Objection File from Ripple to SEC
Ripple has filed a cross-objection file known as Form C, which includes the issues it will raise in its objection to the US Securities and Exchange Commission (SEC).
Ripple’s Chief Legal Officer, Stuart Alderoty, announced on Form C is a document used to outline specific grounds on which the company challenges a prior decision regarding corporate sales from the District Court for the Southern District of New York.
In the filing, Ripple stated that each point of objection is subject to a “de novo” standard of review; This means that the court must reconsider its previous decisions on the basis of legal practice.
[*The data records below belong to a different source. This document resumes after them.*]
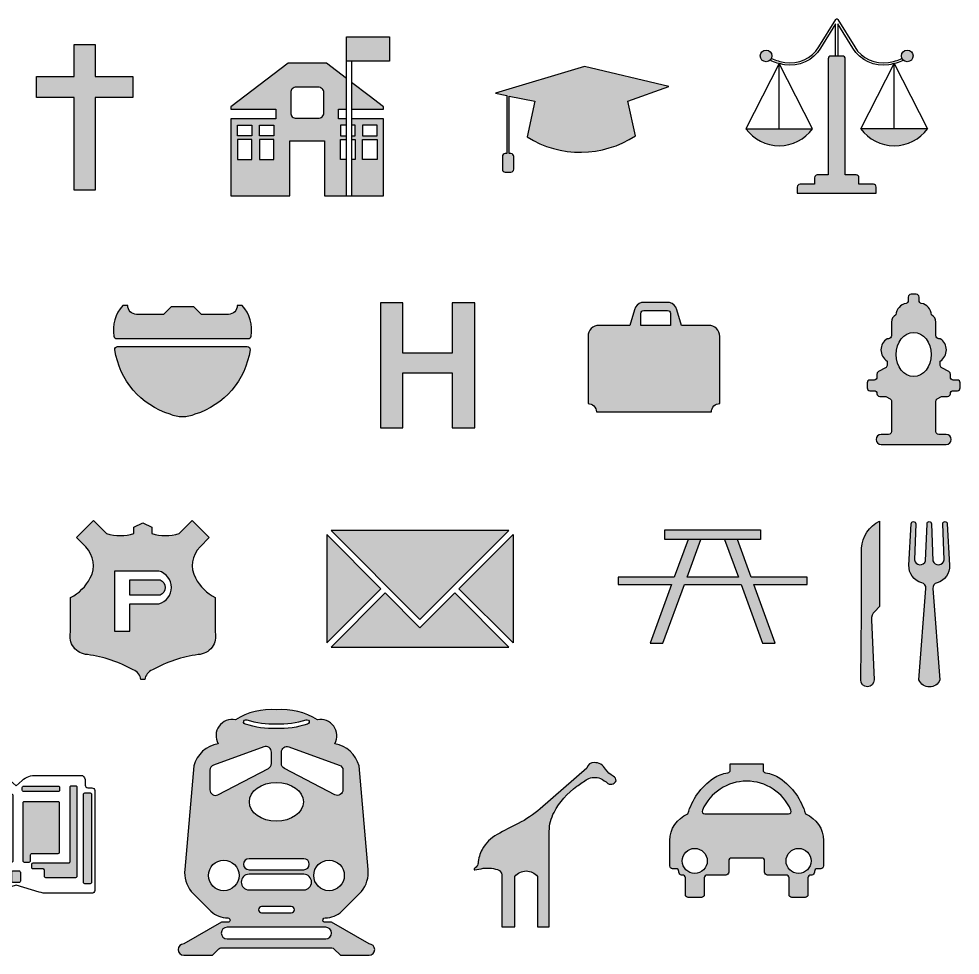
# Model space of a CAD drawing. Header units: inches. Extents: x -19 to 298, y -81 to 95.
# Drawn here: x 128.9 to 297.7, y -81 to 86.9 of the extents above; entities that cross this region are included whole.
import ezdxf

# ---------------------------------------------------------------- set-up
doc = ezdxf.new("R2010")
doc.units = ezdxf.units.IN
doc.header["$MEASUREMENT"] = 0

# ---------------------------------------------------------------- blocks, each defined once
blk = doc.blocks.new('City Hall')
at = {"linetype": 'ByBlock'}
h = blk.add_hatch(color=256, dxfattribs=at)
h.paths.add_polyline_path([(14.77, 16.64), (7.06, 16.64), (7.06, 12.27), (7.92, 12.27), (14.77, 12.27)])
h.paths.add_polyline_path([(3.43, 11.88), (-3.43, 11.88), (-13.69, 4.06), (-13.69, 3.66), (-5.61, 3.66), (-5.61, 1.94), (-13.69, 1.94), (-13.69, -11.88), (-3.12, -11.88), (-3.12, -2), (0, -2), (3.12, -2), (3.12, -11.88), (7.06, -11.88), (7.06, -5.39), (5.97, -5.39), (5.97, -1.81), (7.06, -1.81), (7.06, -1.16), (5.97, -1.16), (5.97, 0.79), (7.06, 0.79), (7.06, 1.94), (5.61, 1.94), (5.61, 3.66), (7.06, 3.66), (7.06, 6.02), (7.06, 9.12)])
h.paths.add_polyline_path([(1.97, 7.6, -0.414214), (2.97, 6.6), (2.97, 3.01, -0.414214), (1.97, 2.01), (0, 2.01), (-1.97, 2.01, -0.414214), (-2.97, 3.01), (-2.97, 6.6, -0.414214), (-1.97, 7.6), (0, 7.6)], flags=16)
h.paths.add_polyline_path([(-5.97, 0.79), (-5.97, -1.16), (-8.58, -1.16), (-8.58, 0.79)], flags=17)
h.paths.add_polyline_path([(-5.97, -1.81), (-5.97, -5.39), (-8.58, -5.39), (-8.58, -1.81)], flags=17)
h.paths.add_polyline_path([(-9.92, 0.79), (-9.92, -1.16), (-12.53, -1.16), (-12.53, 0.79)], flags=17)
h.paths.add_polyline_path([(-9.92, -1.81), (-9.92, -5.39), (-12.53, -5.39), (-12.53, -1.81)], flags=17)
blk.add_hatch(color=256, dxfattribs=at).paths.add_polyline_path([(11.12, 6.02), (7.92, 8.46), (7.92, 3.66), (13.69, 3.66), (13.69, 4.06)])
h = blk.add_hatch(color=256, dxfattribs=at)
h.paths.add_polyline_path([(13.69, 1.94), (7.92, 1.94), (7.92, 0.79), (8.58, 0.79), (8.58, -1.16), (7.92, -1.16), (7.92, -1.81), (8.58, -1.81), (8.58, -5.39), (7.92, -5.39), (7.92, -11.88), (13.69, -11.88)])
h.paths.add_polyline_path([(9.92, -5.39), (9.92, -1.81), (12.53, -1.81), (12.53, -5.39)], flags=16)
h.paths.add_polyline_path([(9.92, -1.16), (9.92, 0.79), (12.53, 0.79), (12.53, -1.16)], flags=16)
at = {"color": 0, "linetype": 'ByBlock'}
for p, q in [((7.92, 12.27), (7.06, 12.27)), ((11.12, 6.02), (7.92, 8.46)), ((7.06, -11.88), (7.92, -11.88))]:
    blk.add_line(p, q, dxfattribs=at)
at = {"color": 0, "linetype": 'ByBlock', "lineweight": -2}
for points in [[(7.06, 9.12), (3.43, 11.88), (-3.43, 11.88), (-13.69, 4.06), (-13.69, 3.66), (-5.61, 3.66), (-5.61, 1.94), (-13.69, 1.94), (-13.69, -11.88), (-3.12, -11.88), (-3.12, -2), (0, -2), (3.12, -2), (3.12, -11.88), (7.06, -11.88), (7.06, 6.02), (7.06, 16.64), (14.77, 16.64), (14.77, 12.27), (7.92, 12.27), (7.92, -11.88), (13.69, -11.88), (13.69, 1.94), (7.92, 1.94)], [(7.92, 3.66), (13.69, 3.66), (13.69, 4.06), (11.12, 6.02)], [(7.06, 1.94), (5.61, 1.94), (5.61, 3.66), (7.06, 3.66)], [(7.06, 0.79), (5.97, 0.79), (5.97, -1.16), (7.06, -1.16)], [(7.92, -1.16), (8.58, -1.16), (8.58, 0.79), (7.92, 0.79)], [(7.06, -5.39), (5.97, -5.39), (5.97, -1.81), (7.06, -1.81)], [(7.92, -1.81), (8.58, -1.81), (8.58, -5.39), (7.92, -5.39)]]:
    blk.add_lwpolyline(points, dxfattribs=at)
blk.add_lwpolyline([(0, 7.6), (-1.97, 7.6, 0.414214), (-2.97, 6.6), (-2.97, 3.01, 0.414214), (-1.97, 2.01), (0, 2.01), (1.97, 2.01, 0.414214), (2.97, 3.01), (2.97, 6.6, 0.414214), (1.97, 7.6)], format="xyb", close=True, dxfattribs=at)
for points in [[(-9.92, -1.16), (-12.53, -1.16), (-12.53, 0.79), (-9.92, 0.79)], [(-8.58, -1.16), (-8.58, 0.79), (-5.97, 0.79), (-5.97, -1.16)], [(9.92, -1.16), (12.53, -1.16), (12.53, 0.79), (9.92, 0.79)], [(-9.92, -5.39), (-9.92, -1.81), (-12.53, -1.81), (-12.53, -5.39)], [(-8.58, -5.39), (-5.97, -5.39), (-5.97, -1.81), (-8.58, -1.81)], [(9.92, -5.39), (9.92, -1.81), (12.53, -1.81), (12.53, -5.39)]]:
    blk.add_lwpolyline(points, close=True, dxfattribs=at)
blk = doc.blocks.new('College')
blk.add_hatch(color=256).paths.add_polyline_path([(9.6, -4.76), (8.28, 1.44), (15.59, 4.09), (0.46, 7.64), (-15.5, 2.87), (-13.45, 2.46), (-13.45, -7.97), (-13.75, -7.97, 0.414214), (-14.25, -8.47), (-14.25, -10.78, 0.414214), (-13.75, -11.28), (-13.23, -11.28), (-12.71, -11.28, 0.414214), (-12.21, -10.78), (-12.21, -8.47, 0.414214), (-12.71, -7.97), (-13.01, -7.97), (-13.01, 2.37), (-8.43, 1.44), (-9.81, -4.96, 0.294573)])
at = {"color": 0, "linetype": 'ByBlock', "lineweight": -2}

Ripple’s Form C filing comes a few days after its previous Form C filing with the SEC on October 18. The SEC asked the court to reconsider its decision allowing the sale of XRP tokens on exchanges and personal sales of the token by Ripple CEO Brad Garlinghouse and co-founder Chris Larsen.
One of the main issues of appeal raised by Ripple was the district court’s application of the Howey test to Ripple’s XRP transfers. The company stated that these transfers fall within the scope of investing money in a joint venture with the expectation of profit from Ripple’s efforts.
Another point of objection questioned whether the court’s decision took into account the lack of fair notice of Ripple’s conduct. The company argued that the SEC’s statements regarding the application of federal securities laws for digital assets and digital currencies were “inconsistent” and “intentionally vague.”
Additionally, Ripple questioned whether an investment contract under Section 5 of the SEC Act of 1933 requires “essential components” that impose post-sale obligations on the seller and give buyers the right to demand and receive profits.
Finally, Ripple raised the issue of whether the requirements set forth in Rule 65 of the Federal Rules of Civil Procedure would bar an injunction that “does no more than direct the blocked party to comply with the law.”
Regarding the cross-objection, Alderoty stated through X that the center of the case is not on whether XRP is a security or not. Because XRP is not classified as a security by law.
Instead, he claims that the SEC is attempting to “create distraction and confusion” for Ripple and the broader crypto industry. He also stated that he believes the hard part of the case has already passed because Ripple will not have to present any more evidence or argue over the documents.
“The Family Appeals Court is reviewing the previously established record, and we have an excellent record,” Alderoty said. “The SEC cannot introduce new evidence or ask us to produce more,” he said.
Earlier this year, the SEC accused Ripple Labs of unfair sales worth $1.3 billion due to its XRP tokens being classified as unregistered securities. The SEC also claimed that XRP created profit expectations for investors.
As the case approaches a new phase, both sides are preparing for a lengthy legal battle that could change the crypto landscape in the United States.